Action item:
Everything in the records except the pictures must be copied out exactly.

── Material for the task ──

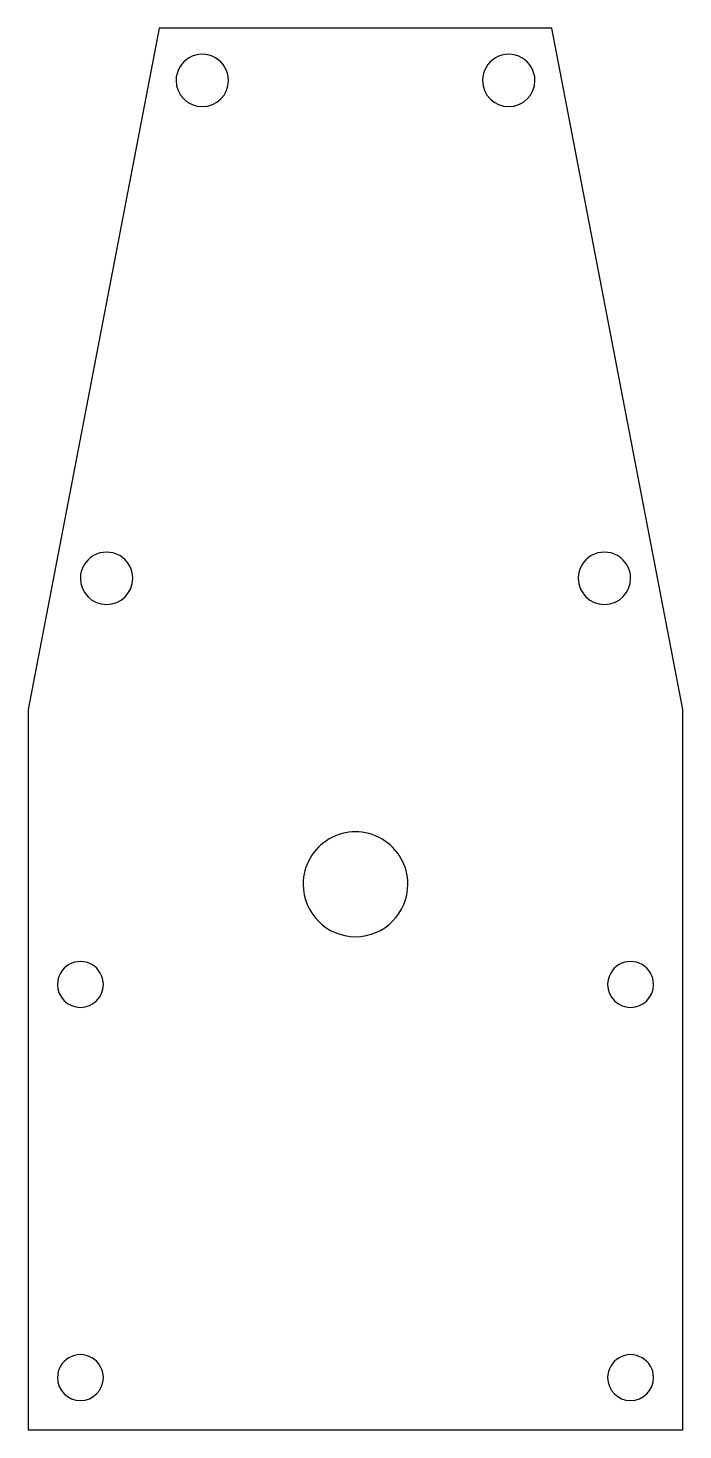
# Model space of a CAD drawing. Extents: x 124 to 174, y 51 to 158.
import ezdxf

# ---------------------------------------------------------------- set-up
doc = ezdxf.new("R2010")
doc.units = 0
doc.layers.get('0').update_dxf_attribs({"linetype": 'CONTINUOUS'})

msp = doc.modelspace()

# ---------------------------------------------------------------- linework, layer by layer
at = {"color": 7}
for p, q in [((133.5, 158.5), (123.5, 106.499992)), ((163.5, 158.5), (133.5, 158.5)), ((173.5, 106.5), (163.5, 158.5)), ((123.5, 106.499992), (123.5, 51.499992)), ((173.5, 51.499992), (173.5, 106.5)), ((123.5, 51.499992), (173.5, 51.499992))]:
    msp.add_line(p, q, dxfattribs=at)
for centre, radius, start, end in [((136.804062, 154.5), 2, 0, 180.000005), ((160.195938, 154.5), 2, 0, 180.000005), ((136.804062, 154.5), 2, 180.000005, 360), ((160.195938, 154.5), 2, 180.000005, 360), ((129.496368, 116.499992), 2, 0, 180.000005), ((167.503632, 116.499992), 2, 0, 180.000005), ((129.496368, 116.499992), 2, 180.000005, 360), ((167.503632, 116.499992), 2, 180.000005, 360), ((148.5, 93.149979), 4, 0, 180.000005), ((148.5, 93.149979), 4, 180.000005, 360), ((127.5, 85.499992), 1.75, 0, 180.000005), ((169.5, 85.5), 1.75, 0, 180.000005), ((127.5, 85.499992), 1.75, 180.000005, 360), ((169.5, 85.5), 1.75, 180.000005, 360), ((127.5, 55.499992), 1.75, 0, 180.000005), ((169.5, 55.499992), 1.75, 0, 180.000005), ((127.5, 55.499992), 1.75, 180.000005, 360), ((169.5, 55.499992), 1.75, 180.000005, 360)]:
    msp.add_arc(centre, radius, start, end, dxfattribs=at)

doc.saveas('drawing.dxf')

───

Response:
# Model space of a CAD drawing. Extents: x 124 to 174, y 51 to 158.
import ezdxf

# ---------------------------------------------------------------- set-up
doc = ezdxf.new("R2010")
doc.units = 0
doc.layers.get('0').update_dxf_attribs({"linetype": 'CONTINUOUS'})

msp = doc.modelspace()

# ---------------------------------------------------------------- linework, layer by layer
at = {"color": 7}
for p, q in [((133.5, 158.5), (123.5, 106.499992)), ((163.5, 158.5), (133.5, 158.5)), ((173.5, 106.5), (163.5, 158.5)), ((123.5, 106.499992), (123.5, 51.499992)), ((173.5, 51.499992), (173.5, 106.5)), ((123.5, 51.499992), (173.5, 51.499992))]:
    msp.add_line(p, q, dxfattribs=at)
for centre, radius, start, end in [((136.804062, 154.5), 2, 0, 180.000005), ((160.195938, 154.5), 2, 0, 180.000005), ((136.804062, 154.5), 2, 180.000005, 360), ((160.195938, 154.5), 2, 180.000005, 360), ((129.496368, 116.499992), 2, 0, 180.000005), ((167.503632, 116.499992), 2, 0, 180.000005), ((129.496368, 116.499992), 2, 180.000005, 360), ((167.503632, 116.499992), 2, 180.000005, 360), ((148.5, 93.149979), 4, 0, 180.000005), ((148.5, 93.149979), 4, 180.000005, 360), ((127.5, 85.499992), 1.75, 0, 180.000005), ((169.5, 85.5), 1.75, 0, 180.000005), ((127.5, 85.499992), 1.75, 180.000005, 360), ((169.5, 85.5), 1.75, 180.000005, 360), ((127.5, 55.499992), 1.75, 0, 180.000005), ((169.5, 55.499992), 1.75, 0, 180.000005), ((127.5, 55.499992), 1.75, 180.000005, 360), ((169.5, 55.499992), 1.75, 180.000005, 360)]:
    msp.add_arc(centre, radius, start, end, dxfattribs=at)

doc.saveas('drawing.dxf')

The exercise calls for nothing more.